I’ve got to tell you about these Decadent S’mores Brownies with Vanilla Bean Marshmallow. Imagine biting into layers of a crunchy graham cracker crust, fudgy brownie, and that dreamy marshmallow topping. Sounds heavenly, right? Trust me, the kitchen will smell divine, and your friends will think you’re a dessert wizard. And if you’re like me, you’ll probably end up with brownie on your face while trying to taste it all. Curious about how to whip this up?
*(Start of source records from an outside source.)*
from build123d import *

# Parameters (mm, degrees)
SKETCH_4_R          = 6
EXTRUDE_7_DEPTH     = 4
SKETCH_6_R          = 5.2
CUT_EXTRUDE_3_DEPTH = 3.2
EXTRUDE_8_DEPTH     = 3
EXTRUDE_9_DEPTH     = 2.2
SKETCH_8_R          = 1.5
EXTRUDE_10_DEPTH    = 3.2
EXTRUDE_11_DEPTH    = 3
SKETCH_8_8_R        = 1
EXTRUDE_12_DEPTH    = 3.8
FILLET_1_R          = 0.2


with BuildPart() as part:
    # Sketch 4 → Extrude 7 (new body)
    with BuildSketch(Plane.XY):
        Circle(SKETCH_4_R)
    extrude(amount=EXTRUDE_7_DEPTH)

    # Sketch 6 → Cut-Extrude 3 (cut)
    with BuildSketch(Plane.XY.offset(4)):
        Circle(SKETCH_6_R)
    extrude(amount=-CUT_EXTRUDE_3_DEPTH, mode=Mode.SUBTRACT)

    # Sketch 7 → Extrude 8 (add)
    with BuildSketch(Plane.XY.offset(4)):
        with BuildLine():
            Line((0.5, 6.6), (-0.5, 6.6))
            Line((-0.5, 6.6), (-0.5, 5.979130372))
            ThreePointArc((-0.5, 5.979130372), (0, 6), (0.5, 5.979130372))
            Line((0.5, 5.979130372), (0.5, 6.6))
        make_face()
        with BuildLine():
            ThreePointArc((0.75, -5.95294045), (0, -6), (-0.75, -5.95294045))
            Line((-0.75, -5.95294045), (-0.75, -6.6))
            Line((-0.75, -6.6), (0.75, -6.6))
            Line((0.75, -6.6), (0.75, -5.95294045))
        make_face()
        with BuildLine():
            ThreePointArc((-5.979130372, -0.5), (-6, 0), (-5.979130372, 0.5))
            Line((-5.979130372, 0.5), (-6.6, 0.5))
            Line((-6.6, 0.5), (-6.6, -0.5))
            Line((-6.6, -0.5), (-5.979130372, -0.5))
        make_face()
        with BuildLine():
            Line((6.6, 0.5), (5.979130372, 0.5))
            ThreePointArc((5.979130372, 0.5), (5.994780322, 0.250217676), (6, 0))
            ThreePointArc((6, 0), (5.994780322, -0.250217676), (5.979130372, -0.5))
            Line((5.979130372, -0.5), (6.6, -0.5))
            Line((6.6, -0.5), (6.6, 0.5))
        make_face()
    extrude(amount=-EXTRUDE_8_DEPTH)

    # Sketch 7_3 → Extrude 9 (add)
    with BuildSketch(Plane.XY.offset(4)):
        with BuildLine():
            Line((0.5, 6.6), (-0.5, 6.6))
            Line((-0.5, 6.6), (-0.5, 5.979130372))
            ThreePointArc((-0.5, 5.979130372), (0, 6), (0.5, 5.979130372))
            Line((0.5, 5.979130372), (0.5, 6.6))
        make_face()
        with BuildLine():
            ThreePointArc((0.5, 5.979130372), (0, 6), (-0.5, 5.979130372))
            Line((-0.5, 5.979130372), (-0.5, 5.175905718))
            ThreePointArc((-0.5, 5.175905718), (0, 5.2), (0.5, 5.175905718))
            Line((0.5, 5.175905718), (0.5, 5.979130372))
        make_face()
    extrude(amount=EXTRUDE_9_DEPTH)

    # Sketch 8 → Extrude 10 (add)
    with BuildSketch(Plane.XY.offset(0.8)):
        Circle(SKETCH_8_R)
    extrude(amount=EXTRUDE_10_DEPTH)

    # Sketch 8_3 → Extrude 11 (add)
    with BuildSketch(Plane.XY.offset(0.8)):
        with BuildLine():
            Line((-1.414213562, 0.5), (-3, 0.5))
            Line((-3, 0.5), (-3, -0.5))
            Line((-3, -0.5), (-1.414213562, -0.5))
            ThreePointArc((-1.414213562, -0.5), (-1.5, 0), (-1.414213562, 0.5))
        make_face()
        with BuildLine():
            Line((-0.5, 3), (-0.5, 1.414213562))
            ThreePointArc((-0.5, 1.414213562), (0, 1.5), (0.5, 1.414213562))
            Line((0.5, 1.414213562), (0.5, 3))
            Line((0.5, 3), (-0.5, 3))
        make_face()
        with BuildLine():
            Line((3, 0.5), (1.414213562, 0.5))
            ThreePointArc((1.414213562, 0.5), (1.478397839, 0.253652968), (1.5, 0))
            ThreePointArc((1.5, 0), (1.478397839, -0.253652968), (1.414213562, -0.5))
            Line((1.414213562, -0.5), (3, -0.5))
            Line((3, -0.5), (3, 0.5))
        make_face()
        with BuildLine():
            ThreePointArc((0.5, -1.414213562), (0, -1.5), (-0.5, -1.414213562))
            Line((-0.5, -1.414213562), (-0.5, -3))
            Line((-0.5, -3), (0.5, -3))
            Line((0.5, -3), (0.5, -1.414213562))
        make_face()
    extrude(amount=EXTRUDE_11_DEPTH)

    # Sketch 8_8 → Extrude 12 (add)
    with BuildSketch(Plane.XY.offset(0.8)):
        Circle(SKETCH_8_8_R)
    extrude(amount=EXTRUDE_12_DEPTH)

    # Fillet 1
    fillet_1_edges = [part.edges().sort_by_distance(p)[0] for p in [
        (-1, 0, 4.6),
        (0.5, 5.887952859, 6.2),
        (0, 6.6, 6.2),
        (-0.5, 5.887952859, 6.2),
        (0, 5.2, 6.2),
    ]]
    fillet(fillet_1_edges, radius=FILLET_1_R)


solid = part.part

Why You’ll Love This Recipe

When you take a bite of these S’mores Brownies, you might just find yourself questioning all your previous dessert choices.

Seriously, the rich, fudgy brownie base melds seamlessly with the crunchy graham cracker crust, creating a perfect textural delight.

And that vanilla bean marshmallow? It’s like a fluffy cloud of sweetness that takes everything up a notch.

Honestly, who needs a campfire? The gooey marshmallow makes these s’mores brownies with vanilla bean marshmallow a showstopper at any gathering.

Plus, the subtle speckles of vanilla bean create a beautiful contrast on top, making them as pretty as they’re delicious.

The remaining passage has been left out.